→ WHAT IS EXPECTED
The line containing "#9=PRODUCT_DEFINITION_SHAPE('','',#8);" marks the end; return exactly every line from the start of the records up to and including it, but no pictures.

→ RECORDS SHOWN
┏━━

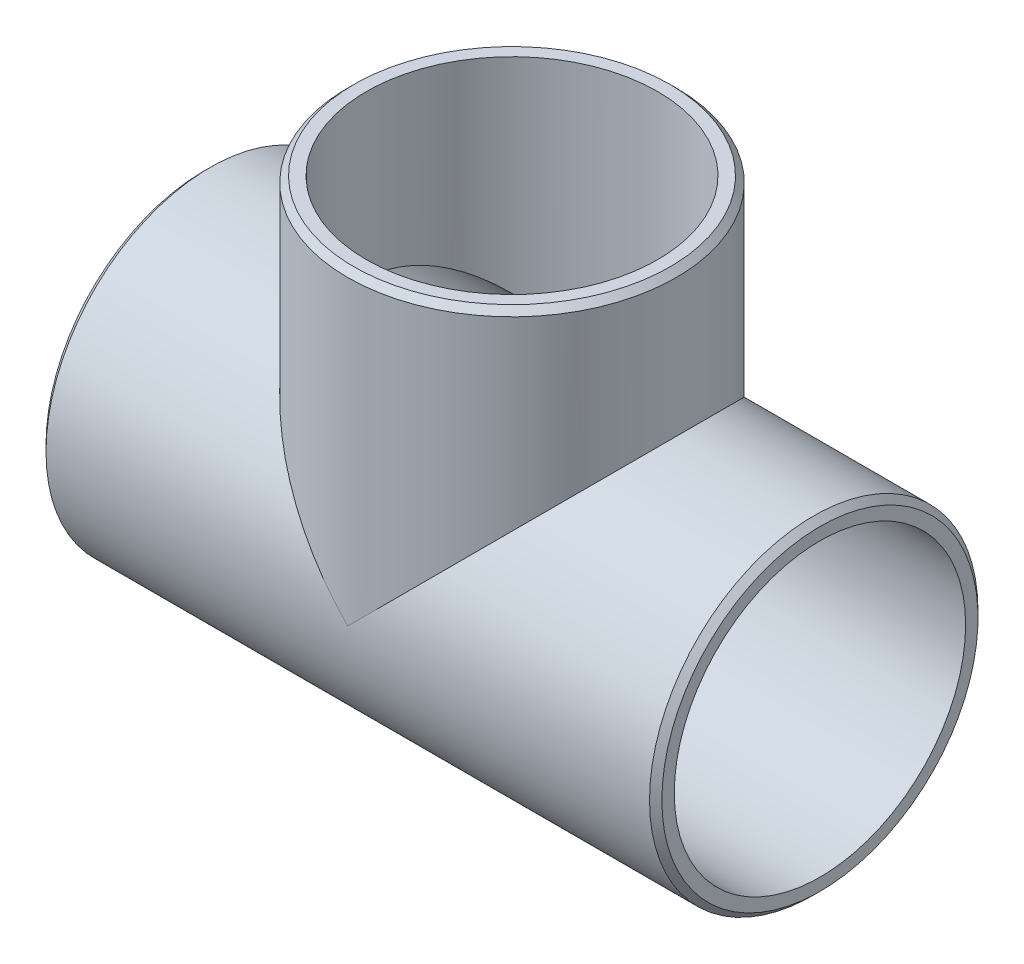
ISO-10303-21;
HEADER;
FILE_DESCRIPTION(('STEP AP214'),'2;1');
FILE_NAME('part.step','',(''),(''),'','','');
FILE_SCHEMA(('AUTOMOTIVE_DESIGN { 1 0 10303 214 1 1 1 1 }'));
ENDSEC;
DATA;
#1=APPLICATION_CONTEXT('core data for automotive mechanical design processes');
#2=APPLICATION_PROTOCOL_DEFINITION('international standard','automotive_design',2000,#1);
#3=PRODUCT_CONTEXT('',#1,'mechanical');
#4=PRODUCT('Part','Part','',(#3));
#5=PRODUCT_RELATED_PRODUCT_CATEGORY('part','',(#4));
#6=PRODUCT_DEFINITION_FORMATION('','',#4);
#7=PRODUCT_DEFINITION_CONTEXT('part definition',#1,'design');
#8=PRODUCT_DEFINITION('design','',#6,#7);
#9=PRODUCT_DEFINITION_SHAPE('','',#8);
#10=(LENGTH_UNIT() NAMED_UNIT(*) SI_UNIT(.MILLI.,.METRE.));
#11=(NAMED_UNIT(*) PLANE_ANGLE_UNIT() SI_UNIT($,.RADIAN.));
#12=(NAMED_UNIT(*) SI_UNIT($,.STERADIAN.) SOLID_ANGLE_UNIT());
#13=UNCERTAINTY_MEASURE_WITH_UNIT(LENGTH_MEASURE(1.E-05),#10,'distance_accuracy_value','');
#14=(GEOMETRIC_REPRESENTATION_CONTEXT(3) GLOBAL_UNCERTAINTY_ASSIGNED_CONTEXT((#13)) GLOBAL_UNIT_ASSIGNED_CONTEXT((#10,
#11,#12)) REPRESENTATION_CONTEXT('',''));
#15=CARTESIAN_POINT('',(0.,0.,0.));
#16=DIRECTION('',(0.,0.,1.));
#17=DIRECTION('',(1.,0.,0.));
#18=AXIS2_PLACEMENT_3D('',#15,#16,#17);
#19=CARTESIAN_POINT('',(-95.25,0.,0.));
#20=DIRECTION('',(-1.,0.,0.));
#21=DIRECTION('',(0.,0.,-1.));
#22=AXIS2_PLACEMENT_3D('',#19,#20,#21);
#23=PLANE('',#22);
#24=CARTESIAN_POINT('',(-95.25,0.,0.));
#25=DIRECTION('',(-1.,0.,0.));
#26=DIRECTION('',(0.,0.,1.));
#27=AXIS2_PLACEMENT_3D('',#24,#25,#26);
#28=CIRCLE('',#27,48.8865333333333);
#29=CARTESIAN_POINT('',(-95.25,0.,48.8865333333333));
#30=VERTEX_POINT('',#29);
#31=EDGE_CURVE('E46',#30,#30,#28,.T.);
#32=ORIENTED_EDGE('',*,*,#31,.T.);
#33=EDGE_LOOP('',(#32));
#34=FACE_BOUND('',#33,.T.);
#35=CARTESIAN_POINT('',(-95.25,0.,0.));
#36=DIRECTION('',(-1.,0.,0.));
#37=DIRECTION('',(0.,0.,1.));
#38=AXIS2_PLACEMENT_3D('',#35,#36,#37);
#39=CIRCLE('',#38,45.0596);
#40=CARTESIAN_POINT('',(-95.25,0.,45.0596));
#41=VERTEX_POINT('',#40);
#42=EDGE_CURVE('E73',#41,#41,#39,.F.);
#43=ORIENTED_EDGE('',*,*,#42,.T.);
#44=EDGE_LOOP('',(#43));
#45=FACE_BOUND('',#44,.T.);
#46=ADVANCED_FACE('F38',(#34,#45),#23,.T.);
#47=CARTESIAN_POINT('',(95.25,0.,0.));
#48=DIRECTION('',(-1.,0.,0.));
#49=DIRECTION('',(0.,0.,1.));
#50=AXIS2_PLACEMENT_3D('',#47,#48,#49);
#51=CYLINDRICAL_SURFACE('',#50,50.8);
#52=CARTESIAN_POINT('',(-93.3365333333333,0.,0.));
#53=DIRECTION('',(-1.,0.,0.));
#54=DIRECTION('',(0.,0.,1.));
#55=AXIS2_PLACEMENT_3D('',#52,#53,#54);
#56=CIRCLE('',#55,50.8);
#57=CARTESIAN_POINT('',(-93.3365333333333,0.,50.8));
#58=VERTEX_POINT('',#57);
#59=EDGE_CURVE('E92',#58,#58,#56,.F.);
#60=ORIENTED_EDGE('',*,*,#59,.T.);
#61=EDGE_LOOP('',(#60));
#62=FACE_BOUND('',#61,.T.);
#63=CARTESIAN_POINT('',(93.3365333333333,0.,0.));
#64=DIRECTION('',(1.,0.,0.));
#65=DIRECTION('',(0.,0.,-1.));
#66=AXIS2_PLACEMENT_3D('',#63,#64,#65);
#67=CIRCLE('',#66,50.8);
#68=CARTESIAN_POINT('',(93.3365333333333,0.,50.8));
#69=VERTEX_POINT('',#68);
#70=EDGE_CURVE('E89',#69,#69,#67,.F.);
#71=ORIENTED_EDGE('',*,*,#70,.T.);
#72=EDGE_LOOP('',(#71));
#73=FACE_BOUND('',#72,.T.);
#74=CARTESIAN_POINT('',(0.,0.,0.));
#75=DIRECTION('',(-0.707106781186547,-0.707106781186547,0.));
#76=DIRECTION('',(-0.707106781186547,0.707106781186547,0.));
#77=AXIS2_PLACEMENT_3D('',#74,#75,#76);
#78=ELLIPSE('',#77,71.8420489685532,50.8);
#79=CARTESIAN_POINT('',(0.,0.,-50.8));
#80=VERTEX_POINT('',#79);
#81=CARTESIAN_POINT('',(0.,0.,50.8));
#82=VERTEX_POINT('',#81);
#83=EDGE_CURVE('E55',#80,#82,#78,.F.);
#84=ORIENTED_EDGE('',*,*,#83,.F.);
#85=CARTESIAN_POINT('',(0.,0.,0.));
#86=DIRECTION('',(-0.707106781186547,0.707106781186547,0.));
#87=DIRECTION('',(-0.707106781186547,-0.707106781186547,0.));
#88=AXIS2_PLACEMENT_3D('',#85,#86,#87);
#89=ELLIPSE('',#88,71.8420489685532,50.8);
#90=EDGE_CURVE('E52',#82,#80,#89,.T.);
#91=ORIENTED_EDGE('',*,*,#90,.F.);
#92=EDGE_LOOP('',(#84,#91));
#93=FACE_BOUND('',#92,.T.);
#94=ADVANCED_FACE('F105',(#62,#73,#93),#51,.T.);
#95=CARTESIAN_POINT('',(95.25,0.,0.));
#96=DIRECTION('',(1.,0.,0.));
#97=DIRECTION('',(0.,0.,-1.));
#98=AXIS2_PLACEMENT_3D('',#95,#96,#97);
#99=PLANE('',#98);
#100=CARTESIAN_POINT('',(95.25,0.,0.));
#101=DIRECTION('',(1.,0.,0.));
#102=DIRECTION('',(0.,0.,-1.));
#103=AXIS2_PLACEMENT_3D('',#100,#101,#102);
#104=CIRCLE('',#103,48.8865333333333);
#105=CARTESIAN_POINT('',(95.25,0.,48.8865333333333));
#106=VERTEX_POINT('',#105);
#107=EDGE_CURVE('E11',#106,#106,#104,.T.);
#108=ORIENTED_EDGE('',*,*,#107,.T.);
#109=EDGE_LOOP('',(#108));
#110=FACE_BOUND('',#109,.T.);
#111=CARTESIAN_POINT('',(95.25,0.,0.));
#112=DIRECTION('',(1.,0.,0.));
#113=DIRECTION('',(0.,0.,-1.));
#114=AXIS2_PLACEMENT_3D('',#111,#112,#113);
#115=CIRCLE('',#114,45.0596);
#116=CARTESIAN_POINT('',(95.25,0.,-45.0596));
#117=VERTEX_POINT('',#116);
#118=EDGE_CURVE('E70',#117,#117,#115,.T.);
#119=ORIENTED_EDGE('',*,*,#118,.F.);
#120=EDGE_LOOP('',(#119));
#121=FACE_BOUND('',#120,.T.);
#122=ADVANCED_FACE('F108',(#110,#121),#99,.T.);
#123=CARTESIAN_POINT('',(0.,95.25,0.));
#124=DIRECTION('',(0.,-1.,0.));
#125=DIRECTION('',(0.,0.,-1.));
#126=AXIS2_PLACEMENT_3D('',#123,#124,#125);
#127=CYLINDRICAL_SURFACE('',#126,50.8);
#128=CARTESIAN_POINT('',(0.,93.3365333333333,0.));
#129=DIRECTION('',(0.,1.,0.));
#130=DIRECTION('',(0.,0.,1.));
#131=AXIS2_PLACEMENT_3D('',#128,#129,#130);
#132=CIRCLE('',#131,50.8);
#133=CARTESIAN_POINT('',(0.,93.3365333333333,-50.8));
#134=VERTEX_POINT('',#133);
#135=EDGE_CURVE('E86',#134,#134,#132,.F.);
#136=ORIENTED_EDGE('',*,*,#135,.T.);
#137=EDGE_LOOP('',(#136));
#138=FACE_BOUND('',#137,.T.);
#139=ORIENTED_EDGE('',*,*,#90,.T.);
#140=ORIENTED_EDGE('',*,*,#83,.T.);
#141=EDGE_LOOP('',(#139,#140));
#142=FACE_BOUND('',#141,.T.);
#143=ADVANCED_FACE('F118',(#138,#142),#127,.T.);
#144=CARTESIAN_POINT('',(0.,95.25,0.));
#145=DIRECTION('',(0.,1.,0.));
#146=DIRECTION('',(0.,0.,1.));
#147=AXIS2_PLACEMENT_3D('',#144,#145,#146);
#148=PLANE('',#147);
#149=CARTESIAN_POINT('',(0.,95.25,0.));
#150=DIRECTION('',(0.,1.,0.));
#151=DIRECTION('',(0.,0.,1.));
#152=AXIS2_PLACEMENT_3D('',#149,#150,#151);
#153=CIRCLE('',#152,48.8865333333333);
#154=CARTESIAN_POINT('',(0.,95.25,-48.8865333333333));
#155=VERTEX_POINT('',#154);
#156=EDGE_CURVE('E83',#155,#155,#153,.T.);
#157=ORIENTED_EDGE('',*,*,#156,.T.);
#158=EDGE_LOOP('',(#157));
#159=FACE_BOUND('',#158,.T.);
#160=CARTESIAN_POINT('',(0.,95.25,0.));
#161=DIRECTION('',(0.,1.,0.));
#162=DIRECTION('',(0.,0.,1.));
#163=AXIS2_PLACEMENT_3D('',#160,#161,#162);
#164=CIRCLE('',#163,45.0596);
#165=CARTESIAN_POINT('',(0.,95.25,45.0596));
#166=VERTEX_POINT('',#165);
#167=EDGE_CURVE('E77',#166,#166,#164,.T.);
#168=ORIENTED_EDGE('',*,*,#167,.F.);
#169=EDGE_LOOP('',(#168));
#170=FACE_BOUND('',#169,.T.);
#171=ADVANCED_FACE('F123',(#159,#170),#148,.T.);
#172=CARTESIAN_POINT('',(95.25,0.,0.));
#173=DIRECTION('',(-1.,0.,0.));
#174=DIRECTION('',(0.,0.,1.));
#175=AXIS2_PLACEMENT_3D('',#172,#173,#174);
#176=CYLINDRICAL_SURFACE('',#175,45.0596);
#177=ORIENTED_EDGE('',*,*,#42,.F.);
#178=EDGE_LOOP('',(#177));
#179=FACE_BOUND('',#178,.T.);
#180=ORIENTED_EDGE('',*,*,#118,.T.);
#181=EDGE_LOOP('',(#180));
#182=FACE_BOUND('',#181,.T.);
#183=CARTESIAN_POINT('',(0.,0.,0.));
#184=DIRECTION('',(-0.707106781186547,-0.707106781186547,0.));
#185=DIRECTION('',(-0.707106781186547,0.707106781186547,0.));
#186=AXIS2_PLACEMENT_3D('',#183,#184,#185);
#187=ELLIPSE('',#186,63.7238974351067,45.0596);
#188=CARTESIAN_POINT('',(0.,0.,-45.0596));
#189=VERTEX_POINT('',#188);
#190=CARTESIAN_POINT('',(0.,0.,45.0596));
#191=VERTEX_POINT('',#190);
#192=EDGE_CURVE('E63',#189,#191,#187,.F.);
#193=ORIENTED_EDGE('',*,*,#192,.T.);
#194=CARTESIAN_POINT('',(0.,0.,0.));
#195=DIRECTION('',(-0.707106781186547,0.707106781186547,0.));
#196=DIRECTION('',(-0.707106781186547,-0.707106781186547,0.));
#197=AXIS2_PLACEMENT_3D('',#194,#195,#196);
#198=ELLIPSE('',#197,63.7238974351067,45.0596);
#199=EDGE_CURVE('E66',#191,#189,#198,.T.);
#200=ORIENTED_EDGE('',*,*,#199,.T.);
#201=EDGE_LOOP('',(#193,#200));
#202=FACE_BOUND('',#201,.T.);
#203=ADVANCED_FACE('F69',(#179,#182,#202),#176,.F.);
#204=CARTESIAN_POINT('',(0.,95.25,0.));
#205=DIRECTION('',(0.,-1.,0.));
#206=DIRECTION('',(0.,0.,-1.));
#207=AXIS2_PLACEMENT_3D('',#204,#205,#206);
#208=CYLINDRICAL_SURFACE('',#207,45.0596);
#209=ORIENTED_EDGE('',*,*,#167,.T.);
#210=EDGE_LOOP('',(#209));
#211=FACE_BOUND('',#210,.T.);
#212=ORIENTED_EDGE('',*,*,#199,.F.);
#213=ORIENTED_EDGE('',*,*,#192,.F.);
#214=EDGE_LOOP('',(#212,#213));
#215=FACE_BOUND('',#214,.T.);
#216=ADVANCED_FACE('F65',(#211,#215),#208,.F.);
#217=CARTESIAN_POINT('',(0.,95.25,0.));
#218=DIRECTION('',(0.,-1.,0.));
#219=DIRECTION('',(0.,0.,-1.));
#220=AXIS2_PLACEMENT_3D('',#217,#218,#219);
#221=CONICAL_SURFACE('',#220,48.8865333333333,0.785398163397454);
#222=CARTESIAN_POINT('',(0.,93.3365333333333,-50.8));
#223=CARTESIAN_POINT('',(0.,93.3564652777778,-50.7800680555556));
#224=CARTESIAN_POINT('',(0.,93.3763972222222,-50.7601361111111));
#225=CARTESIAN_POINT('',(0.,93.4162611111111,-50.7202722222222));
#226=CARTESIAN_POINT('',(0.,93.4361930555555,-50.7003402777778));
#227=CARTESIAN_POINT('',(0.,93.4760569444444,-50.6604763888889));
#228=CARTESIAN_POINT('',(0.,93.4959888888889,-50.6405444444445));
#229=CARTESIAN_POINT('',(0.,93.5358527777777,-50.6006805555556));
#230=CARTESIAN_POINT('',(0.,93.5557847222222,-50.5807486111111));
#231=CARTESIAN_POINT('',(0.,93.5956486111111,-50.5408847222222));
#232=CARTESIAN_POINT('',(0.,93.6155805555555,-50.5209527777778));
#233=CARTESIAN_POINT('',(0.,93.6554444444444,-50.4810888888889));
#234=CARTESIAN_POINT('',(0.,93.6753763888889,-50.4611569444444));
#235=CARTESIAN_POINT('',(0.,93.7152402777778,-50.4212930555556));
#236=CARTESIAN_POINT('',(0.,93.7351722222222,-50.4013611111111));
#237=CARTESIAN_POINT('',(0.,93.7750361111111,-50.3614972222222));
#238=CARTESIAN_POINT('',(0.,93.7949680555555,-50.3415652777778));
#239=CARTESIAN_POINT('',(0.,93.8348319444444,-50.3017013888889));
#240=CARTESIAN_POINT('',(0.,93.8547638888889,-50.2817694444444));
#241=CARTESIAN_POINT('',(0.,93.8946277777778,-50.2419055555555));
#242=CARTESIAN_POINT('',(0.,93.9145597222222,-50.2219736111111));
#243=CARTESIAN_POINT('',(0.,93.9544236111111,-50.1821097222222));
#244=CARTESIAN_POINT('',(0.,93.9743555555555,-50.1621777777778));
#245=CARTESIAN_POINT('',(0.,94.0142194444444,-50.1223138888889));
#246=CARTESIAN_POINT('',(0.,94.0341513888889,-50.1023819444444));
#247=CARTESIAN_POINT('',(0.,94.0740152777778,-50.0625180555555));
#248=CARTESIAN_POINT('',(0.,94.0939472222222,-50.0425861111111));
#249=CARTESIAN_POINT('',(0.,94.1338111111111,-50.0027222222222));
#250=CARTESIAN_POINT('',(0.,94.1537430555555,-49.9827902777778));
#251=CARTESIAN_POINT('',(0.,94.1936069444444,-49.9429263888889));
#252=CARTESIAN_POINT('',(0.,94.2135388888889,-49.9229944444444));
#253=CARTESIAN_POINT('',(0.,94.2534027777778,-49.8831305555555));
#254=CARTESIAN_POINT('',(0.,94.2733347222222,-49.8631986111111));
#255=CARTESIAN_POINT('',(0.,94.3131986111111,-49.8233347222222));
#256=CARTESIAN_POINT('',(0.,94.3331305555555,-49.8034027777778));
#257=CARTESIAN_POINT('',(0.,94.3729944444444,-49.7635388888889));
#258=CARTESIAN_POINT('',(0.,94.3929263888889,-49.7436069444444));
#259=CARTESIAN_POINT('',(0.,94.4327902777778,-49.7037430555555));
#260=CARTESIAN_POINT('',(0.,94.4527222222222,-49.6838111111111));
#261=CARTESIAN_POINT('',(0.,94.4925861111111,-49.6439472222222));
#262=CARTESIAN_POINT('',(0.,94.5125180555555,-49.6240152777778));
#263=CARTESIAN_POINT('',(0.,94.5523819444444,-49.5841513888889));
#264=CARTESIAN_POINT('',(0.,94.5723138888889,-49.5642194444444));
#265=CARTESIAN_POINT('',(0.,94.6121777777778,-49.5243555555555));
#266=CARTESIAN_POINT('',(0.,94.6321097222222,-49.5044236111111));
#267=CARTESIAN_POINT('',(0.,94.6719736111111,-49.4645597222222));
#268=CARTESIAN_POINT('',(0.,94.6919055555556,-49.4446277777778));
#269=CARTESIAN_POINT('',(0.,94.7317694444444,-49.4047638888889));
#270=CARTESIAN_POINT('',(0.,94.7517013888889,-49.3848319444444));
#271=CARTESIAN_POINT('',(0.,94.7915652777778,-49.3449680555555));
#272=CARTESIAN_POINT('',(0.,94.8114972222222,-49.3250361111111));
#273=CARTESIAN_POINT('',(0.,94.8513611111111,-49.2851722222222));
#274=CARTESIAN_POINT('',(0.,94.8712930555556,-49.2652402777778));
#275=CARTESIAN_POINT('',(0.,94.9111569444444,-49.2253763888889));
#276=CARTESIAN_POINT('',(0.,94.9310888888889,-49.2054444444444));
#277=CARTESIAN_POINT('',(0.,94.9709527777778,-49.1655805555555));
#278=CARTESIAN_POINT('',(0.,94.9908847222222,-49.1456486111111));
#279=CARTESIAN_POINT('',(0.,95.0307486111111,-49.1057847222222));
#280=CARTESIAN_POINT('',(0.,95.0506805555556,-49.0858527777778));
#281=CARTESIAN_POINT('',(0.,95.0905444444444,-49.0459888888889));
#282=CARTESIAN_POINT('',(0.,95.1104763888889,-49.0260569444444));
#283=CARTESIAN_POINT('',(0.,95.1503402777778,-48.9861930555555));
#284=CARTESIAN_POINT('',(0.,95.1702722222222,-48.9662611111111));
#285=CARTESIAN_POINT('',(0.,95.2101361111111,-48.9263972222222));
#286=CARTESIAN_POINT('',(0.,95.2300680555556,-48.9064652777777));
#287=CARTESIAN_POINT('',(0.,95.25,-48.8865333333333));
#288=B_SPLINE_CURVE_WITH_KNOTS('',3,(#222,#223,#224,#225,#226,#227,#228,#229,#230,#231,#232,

┗━━

→ EXERCISE SOLUTION
ISO-10303-21;
HEADER;
FILE_DESCRIPTION(('STEP AP214'),'2;1');
FILE_NAME('part.step','',(''),(''),'','','');
FILE_SCHEMA(('AUTOMOTIVE_DESIGN { 1 0 10303 214 1 1 1 1 }'));
ENDSEC;
DATA;
#1=APPLICATION_CONTEXT('core data for automotive mechanical design processes');
#2=APPLICATION_PROTOCOL_DEFINITION('international standard','automotive_design',2000,#1);
#3=PRODUCT_CONTEXT('',#1,'mechanical');
#4=PRODUCT('Part','Part','',(#3));
#5=PRODUCT_RELATED_PRODUCT_CATEGORY('part','',(#4));
#6=PRODUCT_DEFINITION_FORMATION('','',#4);
#7=PRODUCT_DEFINITION_CONTEXT('part definition',#1,'design');
#8=PRODUCT_DEFINITION('design','',#6,#7);
#9=PRODUCT_DEFINITION_SHAPE('','',#8);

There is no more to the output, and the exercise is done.